A U.S.-led war threatens all that, however -- or at least it does in the minds of French and Russian officials.

Under the scenarios being discussed, a U.S.-controlled government could conceivably run Iraq for as long as two years after the bombing stops. France and Russia, it seems, fear and loathe the prospect of the U.S. exerting such decision-making power in postwar Iraq because they could be cut out of the business opportunities that rise from the ruins of Baghdad. Meanwhile, the fate of their oil contracts, inked as they were with Saddam Hussein’s regime, would be in doubt.

But such a view is, in many ways, misguided.

The scope of the reconstruction to be tackled after Hussein is ousted is so large, even an economic powerhouse such as the U.S. can’t do it alone. The Baker Institute at Rice University foresees as much as $100 billion of work in the next three to five years in Iraq because basic water, electric power and other services have been devastated over two decades by the war with Iran, the Persian Gulf War and simple neglect. A fresh round of missile attacks by U.S. and British forces obviously would devastate the country’s infrastructure all the more.

With that much rebuilding to accomplish, the chance of an American monopoly is virtually nil. Sure, an engineering firm such as Black & Veatch Inc. of Kansas City, Mo., may become a leading bidder for developing water systems in Iraq. But it’s likely to be given a run for its money by French firms Suez and Vivendi Environnement. Nobody is going to have a lock on all the contracts.

Deals for putting in roads and bridges, hospitals and schools could go immediately to U.S. engineering companies Fluor Corp., Parsons Corp. and AECom Inc. Those companies already are in the area, maintaining U.S. military camps and other facilities in Kuwait. But there also is an urgent need for $20 billion worth of electrical power plants to be erected across California-size Iraq. Siemens of Germany and ABB Group of Switzerland will be among the leading bidders for such projects.

Iraq’s main seaport, Basra, has been blocked for almost 20 years. Port builders from the Netherlands, Denmark and Japan are bound to be recruited to reopen the waterway as an aid to restoring Iraq’s non-oil economy, which used to provide the bulk of its exports.

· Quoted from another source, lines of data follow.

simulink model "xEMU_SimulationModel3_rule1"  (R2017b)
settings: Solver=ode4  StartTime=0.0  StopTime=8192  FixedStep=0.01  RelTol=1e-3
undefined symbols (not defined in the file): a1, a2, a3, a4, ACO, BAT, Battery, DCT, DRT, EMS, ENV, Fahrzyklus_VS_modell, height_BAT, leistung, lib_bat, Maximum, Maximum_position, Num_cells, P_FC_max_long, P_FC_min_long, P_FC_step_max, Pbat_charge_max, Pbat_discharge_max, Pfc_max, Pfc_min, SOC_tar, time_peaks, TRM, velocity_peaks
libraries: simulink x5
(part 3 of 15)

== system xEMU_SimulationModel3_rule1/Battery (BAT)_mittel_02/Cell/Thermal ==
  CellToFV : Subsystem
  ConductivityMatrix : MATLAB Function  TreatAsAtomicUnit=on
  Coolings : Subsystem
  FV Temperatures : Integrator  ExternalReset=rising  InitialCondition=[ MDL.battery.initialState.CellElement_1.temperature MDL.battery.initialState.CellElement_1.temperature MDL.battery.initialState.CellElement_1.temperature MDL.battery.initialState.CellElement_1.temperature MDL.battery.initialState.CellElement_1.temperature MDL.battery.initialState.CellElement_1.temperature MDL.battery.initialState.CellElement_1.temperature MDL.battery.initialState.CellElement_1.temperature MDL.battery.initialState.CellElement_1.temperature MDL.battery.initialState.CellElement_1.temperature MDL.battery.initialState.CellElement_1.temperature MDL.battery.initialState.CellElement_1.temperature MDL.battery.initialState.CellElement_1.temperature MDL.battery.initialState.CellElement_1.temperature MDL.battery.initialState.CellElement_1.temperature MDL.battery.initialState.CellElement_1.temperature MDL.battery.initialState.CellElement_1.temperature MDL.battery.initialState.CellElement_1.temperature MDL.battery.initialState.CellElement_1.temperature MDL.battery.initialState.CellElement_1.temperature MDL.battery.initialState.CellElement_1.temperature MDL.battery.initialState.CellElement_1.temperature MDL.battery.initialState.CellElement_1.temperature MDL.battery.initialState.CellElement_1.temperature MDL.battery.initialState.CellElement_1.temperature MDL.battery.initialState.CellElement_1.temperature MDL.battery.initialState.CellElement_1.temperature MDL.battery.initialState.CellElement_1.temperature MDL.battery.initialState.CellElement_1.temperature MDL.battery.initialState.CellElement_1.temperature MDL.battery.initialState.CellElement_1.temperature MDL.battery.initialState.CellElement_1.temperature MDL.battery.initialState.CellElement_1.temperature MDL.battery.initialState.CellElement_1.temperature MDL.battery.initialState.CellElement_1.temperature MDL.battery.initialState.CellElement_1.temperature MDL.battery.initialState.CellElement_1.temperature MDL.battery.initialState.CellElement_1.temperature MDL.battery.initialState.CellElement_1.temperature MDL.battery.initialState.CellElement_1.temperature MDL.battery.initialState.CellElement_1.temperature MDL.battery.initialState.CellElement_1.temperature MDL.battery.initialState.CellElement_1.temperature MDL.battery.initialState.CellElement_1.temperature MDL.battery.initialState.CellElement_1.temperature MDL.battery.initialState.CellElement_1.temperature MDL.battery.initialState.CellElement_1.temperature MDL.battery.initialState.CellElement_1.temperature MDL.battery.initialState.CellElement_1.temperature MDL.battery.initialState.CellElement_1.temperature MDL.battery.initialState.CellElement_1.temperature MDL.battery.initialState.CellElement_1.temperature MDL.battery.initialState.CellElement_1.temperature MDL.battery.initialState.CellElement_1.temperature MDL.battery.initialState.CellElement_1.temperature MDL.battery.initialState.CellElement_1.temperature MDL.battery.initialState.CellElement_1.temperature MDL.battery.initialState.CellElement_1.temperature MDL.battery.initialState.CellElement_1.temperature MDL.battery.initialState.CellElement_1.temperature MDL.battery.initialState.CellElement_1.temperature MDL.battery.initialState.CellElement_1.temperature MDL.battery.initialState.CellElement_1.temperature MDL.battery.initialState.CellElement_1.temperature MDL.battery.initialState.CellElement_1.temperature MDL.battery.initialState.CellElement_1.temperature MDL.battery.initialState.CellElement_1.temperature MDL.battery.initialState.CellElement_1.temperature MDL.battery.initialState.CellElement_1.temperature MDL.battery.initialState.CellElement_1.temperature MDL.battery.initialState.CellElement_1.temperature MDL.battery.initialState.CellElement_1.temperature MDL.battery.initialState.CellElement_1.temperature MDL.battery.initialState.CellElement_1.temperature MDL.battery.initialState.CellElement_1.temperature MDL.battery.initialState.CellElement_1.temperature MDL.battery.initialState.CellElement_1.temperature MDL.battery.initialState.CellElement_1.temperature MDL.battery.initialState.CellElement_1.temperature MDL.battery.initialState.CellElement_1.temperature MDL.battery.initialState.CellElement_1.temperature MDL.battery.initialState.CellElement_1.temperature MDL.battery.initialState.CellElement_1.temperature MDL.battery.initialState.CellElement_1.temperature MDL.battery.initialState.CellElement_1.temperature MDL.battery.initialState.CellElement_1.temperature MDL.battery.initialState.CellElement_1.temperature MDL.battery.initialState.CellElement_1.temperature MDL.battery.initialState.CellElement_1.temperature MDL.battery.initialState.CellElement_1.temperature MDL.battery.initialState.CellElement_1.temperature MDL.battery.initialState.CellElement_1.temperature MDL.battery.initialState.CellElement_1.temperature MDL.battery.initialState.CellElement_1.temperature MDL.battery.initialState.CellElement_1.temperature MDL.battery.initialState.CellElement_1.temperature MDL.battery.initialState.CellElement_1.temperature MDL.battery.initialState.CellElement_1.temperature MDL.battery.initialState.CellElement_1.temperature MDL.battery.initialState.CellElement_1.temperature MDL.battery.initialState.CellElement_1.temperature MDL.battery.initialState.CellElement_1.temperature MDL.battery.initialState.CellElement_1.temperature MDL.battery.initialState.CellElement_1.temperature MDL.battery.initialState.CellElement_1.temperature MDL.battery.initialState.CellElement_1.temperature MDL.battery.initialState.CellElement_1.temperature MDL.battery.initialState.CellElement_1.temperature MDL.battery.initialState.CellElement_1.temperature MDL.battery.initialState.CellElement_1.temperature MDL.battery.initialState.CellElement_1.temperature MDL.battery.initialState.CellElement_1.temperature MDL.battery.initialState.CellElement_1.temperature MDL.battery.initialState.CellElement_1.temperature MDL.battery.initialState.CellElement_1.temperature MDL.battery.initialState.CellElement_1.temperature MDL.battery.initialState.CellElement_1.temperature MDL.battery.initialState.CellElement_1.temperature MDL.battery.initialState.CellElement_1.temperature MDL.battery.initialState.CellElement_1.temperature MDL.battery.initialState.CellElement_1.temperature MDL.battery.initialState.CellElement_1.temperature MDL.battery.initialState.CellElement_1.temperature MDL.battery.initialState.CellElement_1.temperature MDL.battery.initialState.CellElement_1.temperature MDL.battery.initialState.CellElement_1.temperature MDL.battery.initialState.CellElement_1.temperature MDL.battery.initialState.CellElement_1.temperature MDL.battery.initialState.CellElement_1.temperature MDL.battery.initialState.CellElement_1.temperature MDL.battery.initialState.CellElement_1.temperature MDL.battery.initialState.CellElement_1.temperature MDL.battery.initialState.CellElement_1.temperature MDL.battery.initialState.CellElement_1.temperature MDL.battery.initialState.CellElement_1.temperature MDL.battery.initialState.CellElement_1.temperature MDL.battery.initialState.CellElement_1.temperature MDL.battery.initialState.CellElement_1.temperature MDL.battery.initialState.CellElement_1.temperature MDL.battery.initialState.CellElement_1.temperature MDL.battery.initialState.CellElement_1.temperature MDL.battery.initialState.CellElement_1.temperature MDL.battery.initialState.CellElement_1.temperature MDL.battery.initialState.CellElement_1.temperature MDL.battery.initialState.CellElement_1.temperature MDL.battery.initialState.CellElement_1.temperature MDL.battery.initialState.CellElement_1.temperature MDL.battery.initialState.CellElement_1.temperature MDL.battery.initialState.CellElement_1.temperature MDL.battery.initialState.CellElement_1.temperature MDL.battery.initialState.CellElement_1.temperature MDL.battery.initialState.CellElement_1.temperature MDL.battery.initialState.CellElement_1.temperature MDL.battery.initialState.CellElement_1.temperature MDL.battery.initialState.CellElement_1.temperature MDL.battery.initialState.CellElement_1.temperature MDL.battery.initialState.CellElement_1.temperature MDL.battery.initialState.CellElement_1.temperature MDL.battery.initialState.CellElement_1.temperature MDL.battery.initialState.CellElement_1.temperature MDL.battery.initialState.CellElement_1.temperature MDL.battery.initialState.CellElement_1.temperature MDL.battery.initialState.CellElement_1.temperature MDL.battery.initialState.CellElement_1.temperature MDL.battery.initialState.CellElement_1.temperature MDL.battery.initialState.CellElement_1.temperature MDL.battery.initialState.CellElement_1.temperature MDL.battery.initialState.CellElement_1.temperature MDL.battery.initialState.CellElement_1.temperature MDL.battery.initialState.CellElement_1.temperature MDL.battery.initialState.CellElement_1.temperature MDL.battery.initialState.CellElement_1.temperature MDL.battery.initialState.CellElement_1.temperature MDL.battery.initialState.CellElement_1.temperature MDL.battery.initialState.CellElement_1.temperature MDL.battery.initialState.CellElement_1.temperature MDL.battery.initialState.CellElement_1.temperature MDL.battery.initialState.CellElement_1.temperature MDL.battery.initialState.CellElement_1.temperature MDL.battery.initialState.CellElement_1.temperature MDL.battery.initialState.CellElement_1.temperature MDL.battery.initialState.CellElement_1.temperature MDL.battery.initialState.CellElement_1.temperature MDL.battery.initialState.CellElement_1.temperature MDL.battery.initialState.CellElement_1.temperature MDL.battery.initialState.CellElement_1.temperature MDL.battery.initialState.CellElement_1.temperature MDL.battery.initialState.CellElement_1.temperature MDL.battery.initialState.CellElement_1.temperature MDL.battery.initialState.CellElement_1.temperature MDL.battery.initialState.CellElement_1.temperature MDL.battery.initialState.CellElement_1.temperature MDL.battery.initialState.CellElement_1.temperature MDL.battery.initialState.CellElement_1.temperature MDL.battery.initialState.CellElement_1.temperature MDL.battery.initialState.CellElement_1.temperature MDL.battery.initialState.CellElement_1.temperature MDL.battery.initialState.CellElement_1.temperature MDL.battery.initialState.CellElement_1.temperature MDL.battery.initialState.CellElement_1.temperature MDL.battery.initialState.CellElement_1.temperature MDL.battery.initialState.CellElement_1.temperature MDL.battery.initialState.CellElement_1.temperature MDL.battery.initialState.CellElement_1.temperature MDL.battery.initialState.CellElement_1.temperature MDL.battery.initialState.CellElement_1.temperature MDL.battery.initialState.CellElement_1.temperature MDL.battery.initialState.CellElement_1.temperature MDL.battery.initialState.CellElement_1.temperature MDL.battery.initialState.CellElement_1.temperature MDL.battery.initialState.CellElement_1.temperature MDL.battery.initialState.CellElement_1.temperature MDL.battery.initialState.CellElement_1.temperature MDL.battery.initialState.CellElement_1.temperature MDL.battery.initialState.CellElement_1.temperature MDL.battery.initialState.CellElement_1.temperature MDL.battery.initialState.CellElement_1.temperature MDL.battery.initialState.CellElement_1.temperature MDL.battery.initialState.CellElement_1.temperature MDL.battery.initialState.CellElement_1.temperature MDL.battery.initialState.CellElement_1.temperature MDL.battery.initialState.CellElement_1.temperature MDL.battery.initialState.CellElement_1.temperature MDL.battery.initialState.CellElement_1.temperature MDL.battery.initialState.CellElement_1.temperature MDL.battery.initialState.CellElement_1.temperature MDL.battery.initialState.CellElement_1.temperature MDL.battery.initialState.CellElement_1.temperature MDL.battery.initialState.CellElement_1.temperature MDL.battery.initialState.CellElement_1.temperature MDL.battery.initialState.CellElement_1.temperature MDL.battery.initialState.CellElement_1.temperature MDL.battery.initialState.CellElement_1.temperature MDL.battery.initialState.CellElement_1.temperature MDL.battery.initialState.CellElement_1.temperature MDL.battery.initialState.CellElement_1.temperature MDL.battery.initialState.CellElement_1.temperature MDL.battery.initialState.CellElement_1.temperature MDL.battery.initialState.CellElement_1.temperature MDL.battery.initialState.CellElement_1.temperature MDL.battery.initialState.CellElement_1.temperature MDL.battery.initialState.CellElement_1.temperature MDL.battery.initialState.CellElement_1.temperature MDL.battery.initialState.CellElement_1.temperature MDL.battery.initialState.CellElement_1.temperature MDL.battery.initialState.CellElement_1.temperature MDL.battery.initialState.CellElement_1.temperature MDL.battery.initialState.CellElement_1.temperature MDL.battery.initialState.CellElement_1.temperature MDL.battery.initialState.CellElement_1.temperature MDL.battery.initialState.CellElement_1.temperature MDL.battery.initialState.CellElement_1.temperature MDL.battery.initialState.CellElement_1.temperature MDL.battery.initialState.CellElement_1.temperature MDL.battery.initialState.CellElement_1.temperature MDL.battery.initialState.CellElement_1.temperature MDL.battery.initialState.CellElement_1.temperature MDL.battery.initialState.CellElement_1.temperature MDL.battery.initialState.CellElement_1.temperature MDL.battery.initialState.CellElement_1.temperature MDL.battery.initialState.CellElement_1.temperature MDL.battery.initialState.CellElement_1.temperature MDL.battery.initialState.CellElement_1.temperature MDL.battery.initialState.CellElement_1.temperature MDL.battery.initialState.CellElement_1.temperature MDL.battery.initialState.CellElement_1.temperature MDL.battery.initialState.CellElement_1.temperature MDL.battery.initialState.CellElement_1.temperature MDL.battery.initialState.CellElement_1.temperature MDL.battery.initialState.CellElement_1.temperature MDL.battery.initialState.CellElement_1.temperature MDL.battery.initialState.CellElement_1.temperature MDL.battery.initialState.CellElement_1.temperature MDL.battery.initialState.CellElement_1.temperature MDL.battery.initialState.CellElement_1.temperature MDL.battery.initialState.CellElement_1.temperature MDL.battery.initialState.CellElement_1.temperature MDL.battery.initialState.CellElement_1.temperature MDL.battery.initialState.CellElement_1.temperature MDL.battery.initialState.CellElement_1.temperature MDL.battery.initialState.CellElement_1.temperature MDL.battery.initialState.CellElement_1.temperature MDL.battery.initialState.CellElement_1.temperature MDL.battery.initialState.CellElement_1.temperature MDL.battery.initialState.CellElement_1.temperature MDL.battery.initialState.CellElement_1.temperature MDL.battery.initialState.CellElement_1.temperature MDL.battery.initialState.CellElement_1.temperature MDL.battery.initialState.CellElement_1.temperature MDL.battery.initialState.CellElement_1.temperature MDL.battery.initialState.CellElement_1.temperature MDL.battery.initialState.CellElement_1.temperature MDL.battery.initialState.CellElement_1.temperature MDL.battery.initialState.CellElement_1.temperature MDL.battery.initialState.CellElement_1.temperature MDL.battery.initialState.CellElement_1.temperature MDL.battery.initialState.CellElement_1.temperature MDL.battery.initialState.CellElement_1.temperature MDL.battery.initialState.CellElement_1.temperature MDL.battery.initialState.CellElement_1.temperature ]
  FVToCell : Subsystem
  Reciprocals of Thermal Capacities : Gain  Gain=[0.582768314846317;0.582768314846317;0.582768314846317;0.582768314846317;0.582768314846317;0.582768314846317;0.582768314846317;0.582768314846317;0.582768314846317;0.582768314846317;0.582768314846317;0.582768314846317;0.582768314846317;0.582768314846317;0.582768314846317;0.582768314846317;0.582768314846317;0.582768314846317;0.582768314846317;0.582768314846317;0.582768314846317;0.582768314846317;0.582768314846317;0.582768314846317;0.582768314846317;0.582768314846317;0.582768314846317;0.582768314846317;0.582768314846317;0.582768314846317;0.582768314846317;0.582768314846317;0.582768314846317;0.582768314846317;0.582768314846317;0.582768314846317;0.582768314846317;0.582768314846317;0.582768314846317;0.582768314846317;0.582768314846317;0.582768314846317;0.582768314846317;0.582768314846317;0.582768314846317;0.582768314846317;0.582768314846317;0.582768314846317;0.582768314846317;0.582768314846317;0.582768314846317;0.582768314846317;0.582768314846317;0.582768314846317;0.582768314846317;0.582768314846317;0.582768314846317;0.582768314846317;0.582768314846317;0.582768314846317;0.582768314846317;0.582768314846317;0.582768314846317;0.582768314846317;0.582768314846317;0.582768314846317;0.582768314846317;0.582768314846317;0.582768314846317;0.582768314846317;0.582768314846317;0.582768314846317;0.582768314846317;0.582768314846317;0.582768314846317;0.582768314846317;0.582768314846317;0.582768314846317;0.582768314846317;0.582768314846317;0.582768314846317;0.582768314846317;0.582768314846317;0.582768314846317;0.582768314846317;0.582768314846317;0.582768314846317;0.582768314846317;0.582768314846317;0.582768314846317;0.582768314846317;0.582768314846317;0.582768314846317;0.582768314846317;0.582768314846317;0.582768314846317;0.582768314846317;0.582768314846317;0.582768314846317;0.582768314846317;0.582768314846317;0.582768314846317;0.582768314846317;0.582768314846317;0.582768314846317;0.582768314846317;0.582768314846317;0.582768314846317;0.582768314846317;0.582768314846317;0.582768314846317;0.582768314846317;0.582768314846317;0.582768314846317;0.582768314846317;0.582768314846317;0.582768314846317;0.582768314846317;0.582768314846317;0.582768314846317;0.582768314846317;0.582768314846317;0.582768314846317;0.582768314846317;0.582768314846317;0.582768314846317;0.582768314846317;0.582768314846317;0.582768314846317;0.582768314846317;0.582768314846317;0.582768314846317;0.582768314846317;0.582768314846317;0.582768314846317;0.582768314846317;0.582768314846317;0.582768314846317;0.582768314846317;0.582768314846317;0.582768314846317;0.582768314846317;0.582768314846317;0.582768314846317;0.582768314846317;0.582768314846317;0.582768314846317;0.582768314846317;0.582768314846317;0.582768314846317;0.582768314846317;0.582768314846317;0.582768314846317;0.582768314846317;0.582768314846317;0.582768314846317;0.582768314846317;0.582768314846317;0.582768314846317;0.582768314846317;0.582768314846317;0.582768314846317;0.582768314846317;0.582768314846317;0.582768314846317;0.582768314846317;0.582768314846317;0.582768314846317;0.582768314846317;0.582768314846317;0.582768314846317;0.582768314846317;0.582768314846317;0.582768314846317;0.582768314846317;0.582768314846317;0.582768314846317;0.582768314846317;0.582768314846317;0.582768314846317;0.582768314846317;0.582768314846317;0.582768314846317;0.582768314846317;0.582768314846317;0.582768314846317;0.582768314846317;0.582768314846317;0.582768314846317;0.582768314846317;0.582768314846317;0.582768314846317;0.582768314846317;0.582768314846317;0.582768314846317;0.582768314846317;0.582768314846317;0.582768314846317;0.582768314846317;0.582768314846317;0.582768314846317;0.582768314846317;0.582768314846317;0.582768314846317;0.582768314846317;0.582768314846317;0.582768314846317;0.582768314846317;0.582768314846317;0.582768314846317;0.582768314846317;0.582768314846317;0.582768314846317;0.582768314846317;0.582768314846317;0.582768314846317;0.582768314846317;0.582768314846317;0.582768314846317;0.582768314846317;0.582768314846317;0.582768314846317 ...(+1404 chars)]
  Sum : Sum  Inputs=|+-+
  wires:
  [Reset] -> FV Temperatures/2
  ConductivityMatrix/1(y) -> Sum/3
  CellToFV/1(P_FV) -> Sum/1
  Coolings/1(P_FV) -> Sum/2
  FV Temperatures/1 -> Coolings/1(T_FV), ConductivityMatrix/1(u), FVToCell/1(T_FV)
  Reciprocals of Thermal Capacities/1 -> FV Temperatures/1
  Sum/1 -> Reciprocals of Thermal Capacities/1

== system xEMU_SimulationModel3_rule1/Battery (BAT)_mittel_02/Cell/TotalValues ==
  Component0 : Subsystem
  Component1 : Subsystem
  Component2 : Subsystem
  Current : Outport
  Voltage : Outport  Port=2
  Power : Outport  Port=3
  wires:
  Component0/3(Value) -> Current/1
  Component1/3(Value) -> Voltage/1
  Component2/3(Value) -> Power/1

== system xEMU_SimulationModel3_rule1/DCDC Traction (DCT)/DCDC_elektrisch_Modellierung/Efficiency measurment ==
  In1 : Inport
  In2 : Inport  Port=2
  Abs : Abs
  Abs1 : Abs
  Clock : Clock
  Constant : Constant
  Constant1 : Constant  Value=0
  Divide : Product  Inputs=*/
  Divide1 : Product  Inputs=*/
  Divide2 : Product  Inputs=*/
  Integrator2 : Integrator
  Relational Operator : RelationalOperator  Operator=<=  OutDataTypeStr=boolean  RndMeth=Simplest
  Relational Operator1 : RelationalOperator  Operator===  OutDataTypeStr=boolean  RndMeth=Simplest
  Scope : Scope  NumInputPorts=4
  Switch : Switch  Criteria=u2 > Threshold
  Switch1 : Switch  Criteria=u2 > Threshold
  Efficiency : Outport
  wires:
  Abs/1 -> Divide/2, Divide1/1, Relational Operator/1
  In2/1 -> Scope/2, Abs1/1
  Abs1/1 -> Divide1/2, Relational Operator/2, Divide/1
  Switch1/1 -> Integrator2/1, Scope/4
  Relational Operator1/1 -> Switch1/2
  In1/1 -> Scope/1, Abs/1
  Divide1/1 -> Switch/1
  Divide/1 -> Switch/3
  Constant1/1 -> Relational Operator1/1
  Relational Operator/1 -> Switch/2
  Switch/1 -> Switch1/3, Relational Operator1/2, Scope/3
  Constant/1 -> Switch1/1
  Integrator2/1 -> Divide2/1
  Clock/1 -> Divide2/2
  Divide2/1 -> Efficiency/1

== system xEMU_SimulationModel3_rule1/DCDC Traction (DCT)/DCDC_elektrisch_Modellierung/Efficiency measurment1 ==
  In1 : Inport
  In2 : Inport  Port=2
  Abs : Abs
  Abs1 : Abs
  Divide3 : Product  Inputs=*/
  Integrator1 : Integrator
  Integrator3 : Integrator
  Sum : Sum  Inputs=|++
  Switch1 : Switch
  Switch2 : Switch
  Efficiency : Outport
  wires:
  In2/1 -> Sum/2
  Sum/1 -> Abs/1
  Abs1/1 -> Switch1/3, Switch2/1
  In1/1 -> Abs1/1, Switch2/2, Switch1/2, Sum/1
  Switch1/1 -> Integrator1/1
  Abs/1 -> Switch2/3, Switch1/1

For the $2 billion worth of projects to build a cellular telecommunications system for Iraq, Motorola Inc. is likely to be a bidder. But it will be battling for contracts with Sweden’s L.M. Ericsson, Finland’s Nokia and, of course, Alcatel.

Even the politically motivated oil contracts that Hussein’s government signed with Russia and France wouldn’t necessarily be lost. Rather, these accords are probably going to be examined in “a U.N.-mandated legal framework for vetting pre-hostility exploration agreements,” according to a new report, “Guiding Principles for U.S. Post-Conflict Policy in Iraq,” by the Baker Institute and the Council on Foreign Relations.

Certainly, there is still much to be sorted out before any rebuilding can begin. How, for instance, “will people be paid for work in Iraq?” asks Sanford Millar, a Los Angeles-based international lawyer with clients in Saudi Arabia and Lebanon. “Will the currency be dollars and euros or a new Iraqi currency?” With Iraq’s oil revenue totaling only about $10 billion a year for the foreseeable future, the World Bank and other institutions undoubtedly are going to be called on to help foot the bill.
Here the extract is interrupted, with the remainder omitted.